The Amazon ablaze - contemporary illustration. Note boat hanging from davit. |
Unfamiliarity with the handling-equipment of the remaining boats
now played its role – a sad indication of inadequate crew-training before departure.
They were suspended from davits in the usual way but their keels were held in protruding
cradles to prevent them swinging but the crew seemed unaware of this. Due to
this at least three boats were flipped over as they were lifted and they dumped
their occupants into the sea. The captain assisted in lowering the boats and
when no more could be done went back to the wheel, took it from the steersman,
and apparently perished at his post. The
remaining boats did get away, the first to do so carrying sixteen people,
including the Mr. Neilson previously referred to. It rescued a further five
from a dinghy that had also got away – it was almost swamped and the occupants
were bailing with boots – but the now empty dinghy drove into the stern of the
lifeboat and wrecker her rudder.
The gale continued another three hours and all that could be
done in the lifeboat was to keep her head to the wind by her oars and save her
from swamping. The blazing Amazon was
visible in the distance, her masts toppling over in succession as the flames
ate them away. A sailing vessel now appeared, heading out from the French
coast, and passed within four hundred yards of the lifeboat, which hailed her.
An answer was made by signal but she made no attempt to assist and continued on
her course. Around dawn an explosion was seen to engulf the Amazon. The funnels toppled over and
then she herself disappeared. The lifeboat pulled for the French coast and in
mid-morning was picked up by a British brig, the Marsden, which landed the survivors in France.
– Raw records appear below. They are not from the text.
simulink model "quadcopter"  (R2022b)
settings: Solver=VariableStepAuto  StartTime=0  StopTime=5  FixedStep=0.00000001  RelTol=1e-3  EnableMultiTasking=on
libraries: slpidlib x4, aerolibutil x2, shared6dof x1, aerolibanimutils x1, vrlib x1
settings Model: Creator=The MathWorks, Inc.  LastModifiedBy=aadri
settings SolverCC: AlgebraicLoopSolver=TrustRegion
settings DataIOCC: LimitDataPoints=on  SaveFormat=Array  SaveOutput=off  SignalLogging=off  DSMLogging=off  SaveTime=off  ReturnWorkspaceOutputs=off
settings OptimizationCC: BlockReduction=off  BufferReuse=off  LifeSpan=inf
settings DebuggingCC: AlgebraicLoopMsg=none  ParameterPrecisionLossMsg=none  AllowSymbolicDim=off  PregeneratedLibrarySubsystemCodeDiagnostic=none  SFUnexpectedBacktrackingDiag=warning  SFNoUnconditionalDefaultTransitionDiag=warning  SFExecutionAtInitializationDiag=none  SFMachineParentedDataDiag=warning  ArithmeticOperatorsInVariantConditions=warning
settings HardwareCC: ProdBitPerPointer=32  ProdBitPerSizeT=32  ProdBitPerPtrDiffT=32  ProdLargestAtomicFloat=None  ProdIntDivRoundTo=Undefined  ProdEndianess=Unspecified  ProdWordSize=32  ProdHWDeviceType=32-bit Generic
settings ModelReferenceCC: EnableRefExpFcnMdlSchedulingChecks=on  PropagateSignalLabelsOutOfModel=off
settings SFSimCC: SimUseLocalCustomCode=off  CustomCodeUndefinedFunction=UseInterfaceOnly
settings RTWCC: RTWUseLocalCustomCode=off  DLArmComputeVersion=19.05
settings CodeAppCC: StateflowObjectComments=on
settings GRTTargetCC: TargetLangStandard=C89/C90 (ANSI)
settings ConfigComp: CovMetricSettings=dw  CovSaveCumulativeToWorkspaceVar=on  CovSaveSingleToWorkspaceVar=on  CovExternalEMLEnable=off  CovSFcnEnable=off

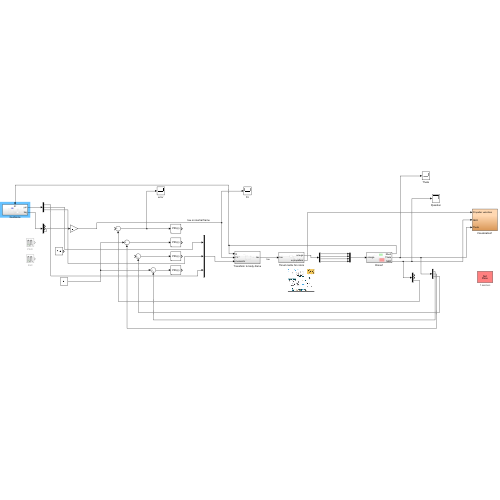
[thumbnail: Simulink's stored preview of the top-level diagram]
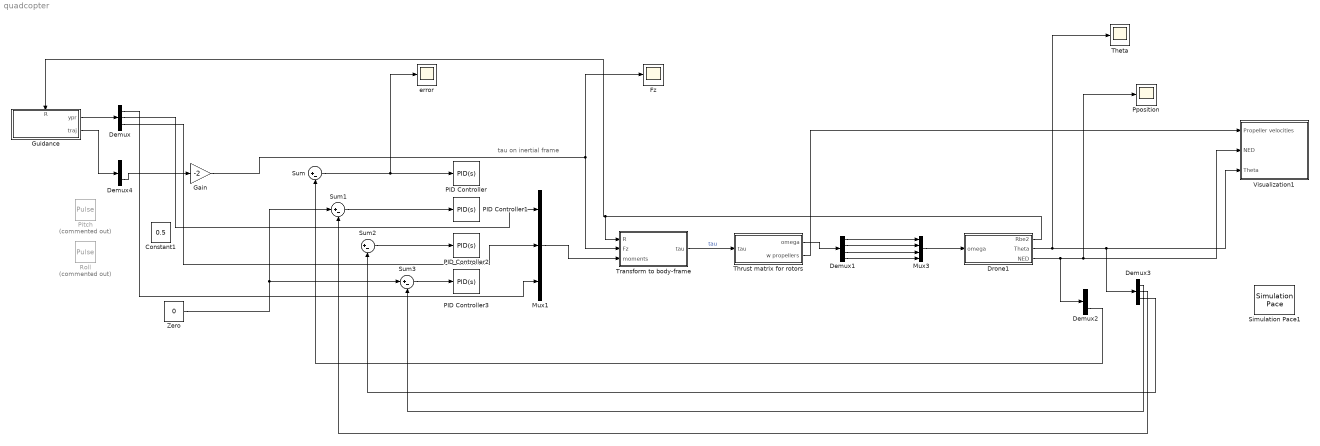
== system quadcopter ==
  note: tau on inertial frame
  Constant1 : Constant  Value=0.5
  Demux{,2..4} (4 alike) : Demux  Outputs=3
  Demux1 : Demux
  Drone1 : Subsystem
  Fz : Scope
  Gain : Gain  Gain=-2
  Guidance : Subsystem
      settings: PortSchema="{\"entries\":[{\"content\":{\"sides\":[{\"content\":{\"connectorIds\":[]},\"type\":\"ConnectorPlacement.EquallySpacedRectSide\",\"uuid\":\"71e90d44-93d9-4948-9515-e584c9c45b4d\"},{\"content\":{\"connectorIds\":[\"Out1\",\"Out2\"],\"side\":\"RIGHT\"},\"type\":\"ConnectorPlacement.EquallySpacedRectSide\",\"uuid\":\"b9ea6ff8-0025-4fb1-8de2-d026a39c77e0\"},{\"content\":{\"connectorIds\":[\"In1\"],\"side\":\"TOP\"},\"type\":\"ConnectorPlacement.EquallySpacedRectSide\",\"uuid\":\"2df58e0f-8a84-452f-95a8-5600226ef525\"}]},\"type\":\"ConnectorPlacement.EquallySpacedConnector\",\"uuid\":\"56107e1d-4b44-4050-8dfa-9220952eccff\"}],\"packageUris\":[\"http://schema.mathworks.com/mf0/Connector/R2020b\"],\"version\":\"1.0\"}"
  Mux1 : Mux  Inputs=3
  Mux3 : Mux
  PID Controller : slpidlib/PID Controller  Controller=PID  Form=Parallel  TimeDomain=Continuous-time  UseExternalTs=off  SampleTime=-1  IntegratorMethod=Forward Euler  FilterMethod=Forward Euler  ControllerParametersSource=internal  P=2  I=0  UseKiTs=off  D=0.5  N=100  UseFilter=on  TunerSelectOption=Transfer Function Based (PID Tuner App)  InitialConditionSource=internal  InitialConditionForIntegrator=0  InitialConditionForFilter=0  DifferentiatorICPrevScaledInput=0  ExternalReset=none  TrackingMode=off  Kt=1  LimitOutput=off  SatLimitsSource=internal  UpperSaturationLimit=5  LowerSaturationLimit=-5  LinearizeAsGain=on  AntiWindupMode=none  Kb=1  LimitIntegrator=off  UpperIntegratorSaturationLimit=inf  LowerIntegratorSaturationLimit=-inf  POutMin=[]  POutMax=[]  IOutMin=[]  IOutMax=[]  DOutMin=[]  DOutMax=[]  NOutMin=[]  NOutMax=[]  SumOutMin=[]  SumOutMax=[]  SaturationOutMin=[]  SaturationOutMax=[]  PParamMin=[]  PParamMax=[]  IParamMin=[]  IParamMax=[]  DParamMin=[]  DParamMax=[]  NParamMin=[]  NParamMax=[]  KbParamMin=[]  KbParamMax=[]  KtParamMin=[]  KtParamMax=[]  KbOutMin=[]  KbOutMax=[]  KtOutMin=[]  KtOutMax=[]  IntegratorOutMin=[]  IntegratorOutMax=[]  FilterOutMin=[]  FilterOutMax=[]  SumI1OutMin=[]  SumI1OutMax=[]  SumI2OutMin=[]  SumI2OutMax=[]  SumI3OutMin=[]  SumI3OutMax=[]  SumI4OutMin=[]  SumI4OutMax=[]  SumDOutMin=[]  SumDOutMax=[]  DifferentiatorOutMin=[]  DifferentiatorOutMax=[]  FilterDiffOutCoefMin=[]  FilterDiffOutCoefMax=[]  ReciprocalOutMin=[]  ReciprocalOutMax=[]  SumDenOutMin=[]  SumDenOutMax=[]  SumNumOutMin=[]  SumNumOutMax=[]  DivideOutMin=[]  DivideOutMax=[]  UdiffTsProdOutMin=[]  UdiffTsProdOutMax=[]  NTsProdOutMin=[]  NTsProdOutMax=[]  UintegralTsProdOutMin=[]  UintegralTsProdOutMax=[]  UngainTsProdOutMin=[]  UngainTsProdOutMax=[]  ClampingZeroOutDataTypeStr=Inherit: Inherit via back propagation  ClampingZeroOutMin=[]  ClampingZeroOutMax=[]  FilterDenConstantOutDataTypeStr=Inherit: Inherit via back propagation  FilterDenConstantOutMin=[]  FilterDenConstantOutMax=[]  PCopyOutDataTypeStr=Inherit: Inherit via back propagation  PCopyOutMin=[]  PCopyOutMax=[]  NCopyOutDataTypeStr=Inherit: Inherit via back propagation  NCopyOutMin=[]  NCopyOutMax=[]  IntegratorContinuousStateAttributes=''  IntegratorStateMustResolveToSignalObject=off  IntegratorRTWStateStorageClass=Auto  FilterContinuousStateAttributes=''  FilterStateMustResolveToSignalObject=off  FilterRTWStateStorageClass=Auto  ParallelPVariant=InternalParameters  IdealPVariant=Disabled  IVariant=InternalParameters  DVariant=InternalParameters  IntegratorVariant=Continuous  SatVariant=Disabled  AWVariant=Passthrough  PCopyVariant=Disabled  TRVariant=Disabled  FdbkBlocksVariant=Forward  IdealPFdbkVariant=Disabled  SatFdbkVariant=Disabled  DerivativeFilterVariant=ContFilter  NVariant=InternalParameters  NCopyVariant=Disabled  FilterICVariant=InternalICsFilter  IntegratorICVariant=InternalICs  ExternalResetVariant=Disabled  TRSumVariant=Passthrough  SumFdbkVariant=Disabled  SumVariant=Sum_PID  TsampFilterVariant=InternalTs  TsampNgainVariant=Passthrough  TsampIntegralVariant=Passthrough  ExternalSaturationOutDataTypeStr=Inherit: Same as second input
  PID Controller1 : slpidlib/PID Controller  Controller=PID  Form=Parallel  TimeDomain=Continuous-time  UseExternalTs=off  SampleTime=-1  IntegratorMethod=Forward Euler  FilterMethod=Forward Euler  ControllerParametersSource=internal  P=2  I=0  UseKiTs=off  D=0.5  N=100  UseFilter=on  TunerSelectOption=Transfer Function Based (PID Tuner App)  InitialConditionSource=internal  InitialConditionForIntegrator=0  InitialConditionForFilter=0  DifferentiatorICPrevScaledInput=0  ExternalReset=none  TrackingMode=off  Kt=1  LimitOutput=off  SatLimitsSource=internal  UpperSaturationLimit=inf  LowerSaturationLimit=-inf  LinearizeAsGain=on  AntiWindupMode=none  Kb=1  LimitIntegrator=off  UpperIntegratorSaturationLimit=inf  LowerIntegratorSaturationLimit=-inf  POutMin=[]  POutMax=[]  IOutMin=[]  IOutMax=[]  DOutMin=[]  DOutMax=[]  NOutMin=[]  NOutMax=[]  SumOutMin=[]  SumOutMax=[]  SaturationOutMin=[]  SaturationOutMax=[]  PParamMin=[]  PParamMax=[]  IParamMin=[]  IParamMax=[]  DParamMin=[]  DParamMax=[]  NParamMin=[]  NParamMax=[]  KbParamMin=[]  KbParamMax=[]  KtParamMin=[]  KtParamMax=[]  KbOutMin=[]  KbOutMax=[]  KtOutMin=[]  KtOutMax=[]  IntegratorOutMin=[]  IntegratorOutMax=[]  FilterOutMin=[]  FilterOutMax=[]  SumI1OutMin=[]  SumI1OutMax=[]  SumI2OutMin=[]  SumI2OutMax=[]  SumI3OutMin=[]  SumI3OutMax=[]  SumI4OutMin=[]  SumI4OutMax=[]  SumDOutMin=[]  SumDOutMax=[]  DifferentiatorOutMin=[]  DifferentiatorOutMax=[]  FilterDiffOutCoefMin=[]  FilterDiffOutCoefMax=[]  ReciprocalOutMin=[]  ReciprocalOutMax=[]  SumDenOutMin=[]  SumDenOutMax=[]  SumNumOutMin=[]  SumNumOutMax=[]  DivideOutMin=[]  DivideOutMax=[]  UdiffTsProdOutMin=[]  UdiffTsProdOutMax=[]  NTsProdOutMin=[]  NTsProdOutMax=[]  UintegralTsProdOutMin=[]  UintegralTsProdOutMax=[]  UngainTsProdOutMin=[]  UngainTsProdOutMax=[]  ClampingZeroOutDataTypeStr=Inherit: Inherit via back propagation  ClampingZeroOutMin=[]  ClampingZeroOutMax=[]  FilterDenConstantOutDataTypeStr=Inherit: Inherit via back propagation  FilterDenConstantOutMin=[]  FilterDenConstantOutMax=[]  PCopyOutDataTypeStr=Inherit: Inherit via back propagation  PCopyOutMin=[]  PCopyOutMax=[]  NCopyOutDataTypeStr=Inherit: Inherit via back propagation  NCopyOutMin=[]  NCopyOutMax=[]  IntegratorContinuousStateAttributes=''  IntegratorStateMustResolveToSignalObject=off  IntegratorRTWStateStorageClass=Auto  FilterContinuousStateAttributes=''  FilterStateMustResolveToSignalObject=off  FilterRTWStateStorageClass=Auto  ParallelPVariant=InternalParameters  IdealPVariant=Disabled  IVariant=InternalParameters  DVariant=InternalParameters  IntegratorVariant=Continuous  SatVariant=Disabled  AWVariant=Passthrough  PCopyVariant=Disabled  TRVariant=Disabled  FdbkBlocksVariant=Forward  IdealPFdbkVariant=Disabled  SatFdbkVariant=Disabled  DerivativeFilterVariant=ContFilter  NVariant=InternalParameters  NCopyVariant=Disabled  FilterICVariant=InternalICsFilter  IntegratorICVariant=InternalICs  ExternalResetVariant=Disabled  TRSumVariant=Passthrough  SumFdbkVariant=Disabled  SumVariant=Sum_PID  TsampFilterVariant=InternalTs  TsampNgainVariant=Passthrough  TsampIntegralVariant=Passthrough  ExternalSaturationOutDataTypeStr=Inherit: Same as second input
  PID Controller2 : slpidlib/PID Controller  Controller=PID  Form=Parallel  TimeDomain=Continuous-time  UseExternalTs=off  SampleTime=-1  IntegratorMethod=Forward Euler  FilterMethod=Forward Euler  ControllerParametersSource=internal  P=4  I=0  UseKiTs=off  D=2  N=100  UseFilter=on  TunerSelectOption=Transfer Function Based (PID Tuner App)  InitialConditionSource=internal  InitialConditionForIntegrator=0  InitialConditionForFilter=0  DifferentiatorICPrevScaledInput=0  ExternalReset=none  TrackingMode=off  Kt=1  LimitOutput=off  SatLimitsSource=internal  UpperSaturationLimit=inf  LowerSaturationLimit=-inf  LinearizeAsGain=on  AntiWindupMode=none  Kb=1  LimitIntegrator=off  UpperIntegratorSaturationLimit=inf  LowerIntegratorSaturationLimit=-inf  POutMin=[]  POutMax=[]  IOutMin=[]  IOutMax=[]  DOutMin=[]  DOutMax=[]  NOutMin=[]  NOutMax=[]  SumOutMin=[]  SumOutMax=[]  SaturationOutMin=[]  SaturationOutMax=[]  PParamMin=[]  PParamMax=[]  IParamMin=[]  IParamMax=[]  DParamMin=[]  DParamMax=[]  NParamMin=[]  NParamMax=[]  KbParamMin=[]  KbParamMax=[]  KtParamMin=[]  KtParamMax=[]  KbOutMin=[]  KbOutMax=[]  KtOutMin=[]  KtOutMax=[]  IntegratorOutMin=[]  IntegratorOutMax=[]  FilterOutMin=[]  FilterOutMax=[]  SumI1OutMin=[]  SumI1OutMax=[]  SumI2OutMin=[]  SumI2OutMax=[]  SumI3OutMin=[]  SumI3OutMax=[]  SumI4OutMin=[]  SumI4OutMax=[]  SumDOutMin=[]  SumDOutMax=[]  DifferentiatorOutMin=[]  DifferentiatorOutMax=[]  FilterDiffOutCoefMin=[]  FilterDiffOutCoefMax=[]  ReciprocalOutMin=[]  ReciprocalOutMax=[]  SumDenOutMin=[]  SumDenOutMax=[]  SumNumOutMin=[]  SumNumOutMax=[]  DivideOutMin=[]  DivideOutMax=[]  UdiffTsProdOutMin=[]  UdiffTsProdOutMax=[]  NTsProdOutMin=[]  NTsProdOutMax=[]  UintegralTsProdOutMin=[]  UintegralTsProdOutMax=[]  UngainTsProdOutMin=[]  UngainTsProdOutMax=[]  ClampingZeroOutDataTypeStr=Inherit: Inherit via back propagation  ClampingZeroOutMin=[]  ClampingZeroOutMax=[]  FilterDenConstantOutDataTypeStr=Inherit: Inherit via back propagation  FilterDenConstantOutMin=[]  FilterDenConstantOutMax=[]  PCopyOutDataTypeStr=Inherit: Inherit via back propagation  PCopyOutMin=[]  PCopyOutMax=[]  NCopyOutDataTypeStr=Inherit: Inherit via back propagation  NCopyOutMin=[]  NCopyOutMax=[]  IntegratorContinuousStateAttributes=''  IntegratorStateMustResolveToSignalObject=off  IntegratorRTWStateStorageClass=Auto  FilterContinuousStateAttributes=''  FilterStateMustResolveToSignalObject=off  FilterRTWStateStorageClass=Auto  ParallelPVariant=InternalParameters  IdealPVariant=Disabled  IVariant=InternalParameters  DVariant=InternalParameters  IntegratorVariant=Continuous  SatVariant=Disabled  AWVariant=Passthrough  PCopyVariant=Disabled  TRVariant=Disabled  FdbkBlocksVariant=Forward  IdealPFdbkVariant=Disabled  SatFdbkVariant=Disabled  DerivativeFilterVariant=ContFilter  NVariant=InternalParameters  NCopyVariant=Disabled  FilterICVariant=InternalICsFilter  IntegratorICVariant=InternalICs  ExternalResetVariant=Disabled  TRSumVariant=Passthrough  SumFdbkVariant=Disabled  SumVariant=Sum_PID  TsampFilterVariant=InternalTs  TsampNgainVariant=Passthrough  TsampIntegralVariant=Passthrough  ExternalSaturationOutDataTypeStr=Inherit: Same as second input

Burning ship by Ivan Aivazovsky (1817-1900) - it conveys how the Amazon must have looked |
The Amazon’s
pinnace had also got way although on launching its occupants had been tipped into
the sea. A few managed to clamber back on to the ship though a lady clutching
an eighteen-month old child, a Mrs. M’Lennan, managed to keep hold of the boat
until it was righted. It finally got away with sixteen occupants, including the
Mr. Glennie mentioned earlier. An ex-Royal Navy seaman called Berryman (“a fine fellow”) trailed a portion of a
spar as a sea anchor to hold the over-loaded boat’s head to. the wind and
later, when the sea had calmed, hoisted Mrs. M’Lennan’s shawl between two
boat-hooks as a sail. Mr. Glennie noted as he saw the Amazon drew away that “a
large hole was burnt out of her side immediately abaft the (port) paddlebox,
part of which was also burnt. The hole was nearly down to the water’s edge and
through it I could see the machinery.” The pinnace survived into the morning,
a leak that threatened to swamp her being stopped by Stone, the heroic
engineer, and it steered for the French coast. “the men plying their oars lustily, and Mrs. M’Lennan, as she lay in
the sternsheets, cheering them to their work.” Later in the day another
vessel was sighted and the lady’s shawl was again put to good use for
signalling. It proved to be a galiot, a small Dutch trading vessel called the Gertruda, which picked up the pinnace’s
occupants and set her course towards Brest to land them. On the way more
survivors were picked up from another boat.
A Dutch galiot |
The disaster had occurred on January 4th and it
was not until the 15th of the month that it emerged that another
thirteen persons had also been saved. They had been rescued by another Dutch
vessel, the Hellechina, en route to
Leghorn, which transferred them to a British revenue-cutter which took them to
Plymouth. These survivors’ experiences were no less horrific than those of the
others. The boat had been lowered safely from the Amazon, though a stewardess had fallen out and been drowned in in
the process. Command was adopted by a Royal Navy officer, a Lieutenant Grylls,
who had been a passenger on the Amazon
and who had been active helping fight the fire previously. The boat was however
leaking badly – “Fox, a stoker, stopped
the hole by taking off his drawers and cramming them into it, keeping them in
position for three or four hours by the pressure of his own body; and when
seized by violent cramps was relieved by Durdney and Wall.” Another ship passed between them and the
burning Amazon, though without seeing
them – though it must have seen the Amazon.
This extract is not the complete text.